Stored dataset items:
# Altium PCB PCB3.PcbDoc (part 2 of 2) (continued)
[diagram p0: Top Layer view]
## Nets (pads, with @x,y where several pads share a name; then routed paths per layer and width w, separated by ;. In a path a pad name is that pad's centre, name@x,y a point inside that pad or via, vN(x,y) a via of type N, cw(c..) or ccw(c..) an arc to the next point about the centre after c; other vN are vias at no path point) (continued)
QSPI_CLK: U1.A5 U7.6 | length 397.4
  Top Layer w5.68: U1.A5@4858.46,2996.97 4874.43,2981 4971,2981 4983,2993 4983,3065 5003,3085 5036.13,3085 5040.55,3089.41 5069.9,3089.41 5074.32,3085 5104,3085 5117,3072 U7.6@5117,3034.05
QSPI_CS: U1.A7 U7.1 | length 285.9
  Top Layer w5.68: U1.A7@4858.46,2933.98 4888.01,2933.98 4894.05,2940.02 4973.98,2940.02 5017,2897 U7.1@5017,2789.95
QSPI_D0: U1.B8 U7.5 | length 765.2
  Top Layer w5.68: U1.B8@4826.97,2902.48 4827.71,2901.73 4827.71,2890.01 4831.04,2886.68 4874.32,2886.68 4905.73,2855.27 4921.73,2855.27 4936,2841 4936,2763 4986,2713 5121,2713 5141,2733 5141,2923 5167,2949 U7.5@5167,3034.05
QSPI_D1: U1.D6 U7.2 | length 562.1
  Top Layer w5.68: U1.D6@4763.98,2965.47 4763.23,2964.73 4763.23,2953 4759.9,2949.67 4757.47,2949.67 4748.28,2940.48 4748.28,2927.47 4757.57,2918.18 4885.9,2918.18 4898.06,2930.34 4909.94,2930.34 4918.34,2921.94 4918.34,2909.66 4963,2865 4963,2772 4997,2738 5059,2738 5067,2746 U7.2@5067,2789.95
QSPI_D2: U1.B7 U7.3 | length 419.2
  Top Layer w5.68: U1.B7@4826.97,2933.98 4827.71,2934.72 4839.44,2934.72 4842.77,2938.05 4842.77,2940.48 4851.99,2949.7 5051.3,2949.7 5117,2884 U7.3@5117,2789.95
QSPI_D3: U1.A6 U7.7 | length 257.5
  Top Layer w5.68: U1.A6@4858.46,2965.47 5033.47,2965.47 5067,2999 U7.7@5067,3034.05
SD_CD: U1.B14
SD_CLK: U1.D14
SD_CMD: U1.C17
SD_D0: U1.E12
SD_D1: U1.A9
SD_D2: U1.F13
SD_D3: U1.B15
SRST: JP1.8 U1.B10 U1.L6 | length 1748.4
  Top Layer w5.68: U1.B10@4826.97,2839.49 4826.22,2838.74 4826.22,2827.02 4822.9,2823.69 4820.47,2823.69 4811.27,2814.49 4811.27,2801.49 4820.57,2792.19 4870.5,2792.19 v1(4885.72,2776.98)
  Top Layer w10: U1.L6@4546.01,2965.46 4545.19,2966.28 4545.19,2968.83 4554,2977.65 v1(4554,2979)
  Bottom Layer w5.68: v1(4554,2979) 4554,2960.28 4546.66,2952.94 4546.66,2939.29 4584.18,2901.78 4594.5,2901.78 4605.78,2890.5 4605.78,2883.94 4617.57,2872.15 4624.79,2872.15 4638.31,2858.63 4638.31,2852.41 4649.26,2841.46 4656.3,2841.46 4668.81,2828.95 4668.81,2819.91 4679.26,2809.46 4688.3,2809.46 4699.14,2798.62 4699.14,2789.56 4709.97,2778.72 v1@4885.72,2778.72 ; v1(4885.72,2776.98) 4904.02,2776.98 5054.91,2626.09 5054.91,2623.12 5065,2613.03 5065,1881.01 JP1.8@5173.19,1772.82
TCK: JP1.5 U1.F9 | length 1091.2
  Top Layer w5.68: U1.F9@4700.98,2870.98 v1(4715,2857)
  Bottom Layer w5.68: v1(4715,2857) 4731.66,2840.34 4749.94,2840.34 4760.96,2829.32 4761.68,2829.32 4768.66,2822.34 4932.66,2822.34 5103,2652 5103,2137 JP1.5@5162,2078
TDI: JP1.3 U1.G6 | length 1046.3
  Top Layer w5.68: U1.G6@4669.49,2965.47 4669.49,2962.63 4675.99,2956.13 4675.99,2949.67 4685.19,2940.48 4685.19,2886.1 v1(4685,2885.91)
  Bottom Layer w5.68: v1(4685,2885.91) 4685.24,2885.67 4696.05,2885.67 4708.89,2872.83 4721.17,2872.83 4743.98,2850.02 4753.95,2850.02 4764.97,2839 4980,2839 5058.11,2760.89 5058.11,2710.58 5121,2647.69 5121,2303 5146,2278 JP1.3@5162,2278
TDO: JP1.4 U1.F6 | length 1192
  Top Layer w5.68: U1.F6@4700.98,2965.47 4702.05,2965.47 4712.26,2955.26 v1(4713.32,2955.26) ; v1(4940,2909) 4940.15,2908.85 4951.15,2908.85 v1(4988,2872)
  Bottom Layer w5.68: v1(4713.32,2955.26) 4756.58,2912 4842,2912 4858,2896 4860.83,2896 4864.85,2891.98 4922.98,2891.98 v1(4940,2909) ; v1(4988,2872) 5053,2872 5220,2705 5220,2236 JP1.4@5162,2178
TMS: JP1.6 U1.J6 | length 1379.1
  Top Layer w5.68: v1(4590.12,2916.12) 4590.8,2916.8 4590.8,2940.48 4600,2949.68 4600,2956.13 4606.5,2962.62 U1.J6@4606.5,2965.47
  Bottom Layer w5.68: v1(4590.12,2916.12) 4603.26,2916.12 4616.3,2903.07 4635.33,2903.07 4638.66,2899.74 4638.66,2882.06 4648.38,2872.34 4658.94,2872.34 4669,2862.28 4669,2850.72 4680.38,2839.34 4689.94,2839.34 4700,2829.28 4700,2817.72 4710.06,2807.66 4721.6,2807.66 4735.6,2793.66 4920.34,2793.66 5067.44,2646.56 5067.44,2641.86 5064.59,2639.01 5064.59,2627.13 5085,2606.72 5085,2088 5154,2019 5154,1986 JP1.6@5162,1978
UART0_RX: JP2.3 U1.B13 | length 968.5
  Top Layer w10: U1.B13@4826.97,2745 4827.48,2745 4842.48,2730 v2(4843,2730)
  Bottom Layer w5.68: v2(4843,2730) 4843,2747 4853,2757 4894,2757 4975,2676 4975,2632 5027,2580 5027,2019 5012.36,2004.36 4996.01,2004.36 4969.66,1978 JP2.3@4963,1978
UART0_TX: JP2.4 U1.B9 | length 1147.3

- PROBLEM TO SOLVE: Transcribe each of the records above exactly.

- ANSWER FOR THIS EXERCISE:
# Altium PCB PCB3.PcbDoc (part 2 of 2) (continued)
[diagram p0: Top Layer view]
## Nets (pads, with @x,y where several pads share a name; then routed paths per layer and width w, separated by ;. In a path a pad name is that pad's centre, name@x,y a point inside that pad or via, vN(x,y) a via of type N, cw(c..) or ccw(c..) an arc to the next point about the centre after c; other vN are vias at no path point) (continued)
QSPI_CLK: U1.A5 U7.6 | length 397.4
  Top Layer w5.68: U1.A5@4858.46,2996.97 4874.43,2981 4971,2981 4983,2993 4983,3065 5003,3085 5036.13,3085 5040.55,3089.41 5069.9,3089.41 5074.32,3085 5104,3085 5117,3072 U7.6@5117,3034.05
QSPI_CS: U1.A7 U7.1 | length 285.9
  Top Layer w5.68: U1.A7@4858.46,2933.98 4888.01,2933.98 4894.05,2940.02 4973.98,2940.02 5017,2897 U7.1@5017,2789.95
QSPI_D0: U1.B8 U7.5 | length 765.2
  Top Layer w5.68: U1.B8@4826.97,2902.48 4827.71,2901.73 4827.71,2890.01 4831.04,2886.68 4874.32,2886.68 4905.73,2855.27 4921.73,2855.27 4936,2841 4936,2763 4986,2713 5121,2713 5141,2733 5141,2923 5167,2949 U7.5@5167,3034.05
QSPI_D1: U1.D6 U7.2 | length 562.1
  Top Layer w5.68: U1.D6@4763.98,2965.47 4763.23,2964.73 4763.23,2953 4759.9,2949.67 4757.47,2949.67 4748.28,2940.48 4748.28,2927.47 4757.57,2918.18 4885.9,2918.18 4898.06,2930.34 4909.94,2930.34 4918.34,2921.94 4918.34,2909.66 4963,2865 4963,2772 4997,2738 5059,2738 5067,2746 U7.2@5067,2789.95
QSPI_D2: U1.B7 U7.3 | length 419.2
  Top Layer w5.68: U1.B7@4826.97,2933.98 4827.71,2934.72 4839.44,2934.72 4842.77,2938.05 4842.77,2940.48 4851.99,2949.7 5051.3,2949.7 5117,2884 U7.3@5117,2789.95
QSPI_D3: U1.A6 U7.7 | length 257.5
  Top Layer w5.68: U1.A6@4858.46,2965.47 5033.47,2965.47 5067,2999 U7.7@5067,3034.05
SD_CD: U1.B14
SD_CLK: U1.D14
SD_CMD: U1.C17
SD_D0: U1.E12
SD_D1: U1.A9
SD_D2: U1.F13
SD_D3: U1.B15
SRST: JP1.8 U1.B10 U1.L6 | length 1748.4
  Top Layer w5.68: U1.B10@4826.97,2839.49 4826.22,2838.74 4826.22,2827.02 4822.9,2823.69 4820.47,2823.69 4811.27,2814.49 4811.27,2801.49 4820.57,2792.19 4870.5,2792.19 v1(4885.72,2776.98)
  Top Layer w10: U1.L6@4546.01,2965.46 4545.19,2966.28 4545.19,2968.83 4554,2977.65 v1(4554,2979)
  Bottom Layer w5.68: v1(4554,2979) 4554,2960.28 4546.66,2952.94 4546.66,2939.29 4584.18,2901.78 4594.5,2901.78 4605.78,2890.5 4605.78,2883.94 4617.57,2872.15 4624.79,2872.15 4638.31,2858.63 4638.31,2852.41 4649.26,2841.46 4656.3,2841.46 4668.81,2828.95 4668.81,2819.91 4679.26,2809.46 4688.3,2809.46 4699.14,2798.62 4699.14,2789.56 4709.97,2778.72 v1@4885.72,2778.72 ; v1(4885.72,2776.98) 4904.02,2776.98 5054.91,2626.09 5054.91,2623.12 5065,2613.03 5065,1881.01 JP1.8@5173.19,1772.82
TCK: JP1.5 U1.F9 | length 1091.2
  Top Layer w5.68: U1.F9@4700.98,2870.98 v1(4715,2857)
  Bottom Layer w5.68: v1(4715,2857) 4731.66,2840.34 4749.94,2840.34 4760.96,2829.32 4761.68,2829.32 4768.66,2822.34 4932.66,2822.34 5103,2652 5103,2137 JP1.5@5162,2078
TDI: JP1.3 U1.G6 | length 1046.3
  Top Layer w5.68: U1.G6@4669.49,2965.47 4669.49,2962.63 4675.99,2956.13 4675.99,2949.67 4685.19,2940.48 4685.19,2886.1 v1(4685,2885.91)
  Bottom Layer w5.68: v1(4685,2885.91) 4685.24,2885.67 4696.05,2885.67 4708.89,2872.83 4721.17,2872.83 4743.98,2850.02 4753.95,2850.02 4764.97,2839 4980,2839 5058.11,2760.89 5058.11,2710.58 5121,2647.69 5121,2303 5146,2278 JP1.3@5162,2278
TDO: JP1.4 U1.F6 | length 1192
  Top Layer w5.68: U1.F6@4700.98,2965.47 4702.05,2965.47 4712.26,2955.26 v1(4713.32,2955.26) ; v1(4940,2909) 4940.15,2908.85 4951.15,2908.85 v1(4988,2872)
  Bottom Layer w5.68: v1(4713.32,2955.26) 4756.58,2912 4842,2912 4858,2896 4860.83,2896 4864.85,2891.98 4922.98,2891.98 v1(4940,2909) ; v1(4988,2872) 5053,2872 5220,2705 5220,2236 JP1.4@5162,2178
TMS: JP1.6 U1.J6 | length 1379.1
  Top Layer w5.68: v1(4590.12,2916.12) 4590.8,2916.8 4590.8,2940.48 4600,2949.68 4600,2956.13 4606.5,2962.62 U1.J6@4606.5,2965.47
  Bottom Layer w5.68: v1(4590.12,2916.12) 4603.26,2916.12 4616.3,2903.07 4635.33,2903.07 4638.66,2899.74 4638.66,2882.06 4648.38,2872.34 4658.94,2872.34 4669,2862.28 4669,2850.72 4680.38,2839.34 4689.94,2839.34 4700,2829.28 4700,2817.72 4710.06,2807.66 4721.6,2807.66 4735.6,2793.66 4920.34,2793.66 5067.44,2646.56 5067.44,2641.86 5064.59,2639.01 5064.59,2627.13 5085,2606.72 5085,2088 5154,2019 5154,1986 JP1.6@5162,1978
UART0_RX: JP2.3 U1.B13 | length 968.5
  Top Layer w10: U1.B13@4826.97,2745 4827.48,2745 4842.48,2730 v2(4843,2730)
  Bottom Layer w5.68: v2(4843,2730) 4843,2747 4853,2757 4894,2757 4975,2676 4975,2632 5027,2580 5027,2019 5012.36,2004.36 4996.01,2004.36 4969.66,1978 JP2.3@4963,1978
UART0_TX: JP2.4 U1.B9 | length 1147.3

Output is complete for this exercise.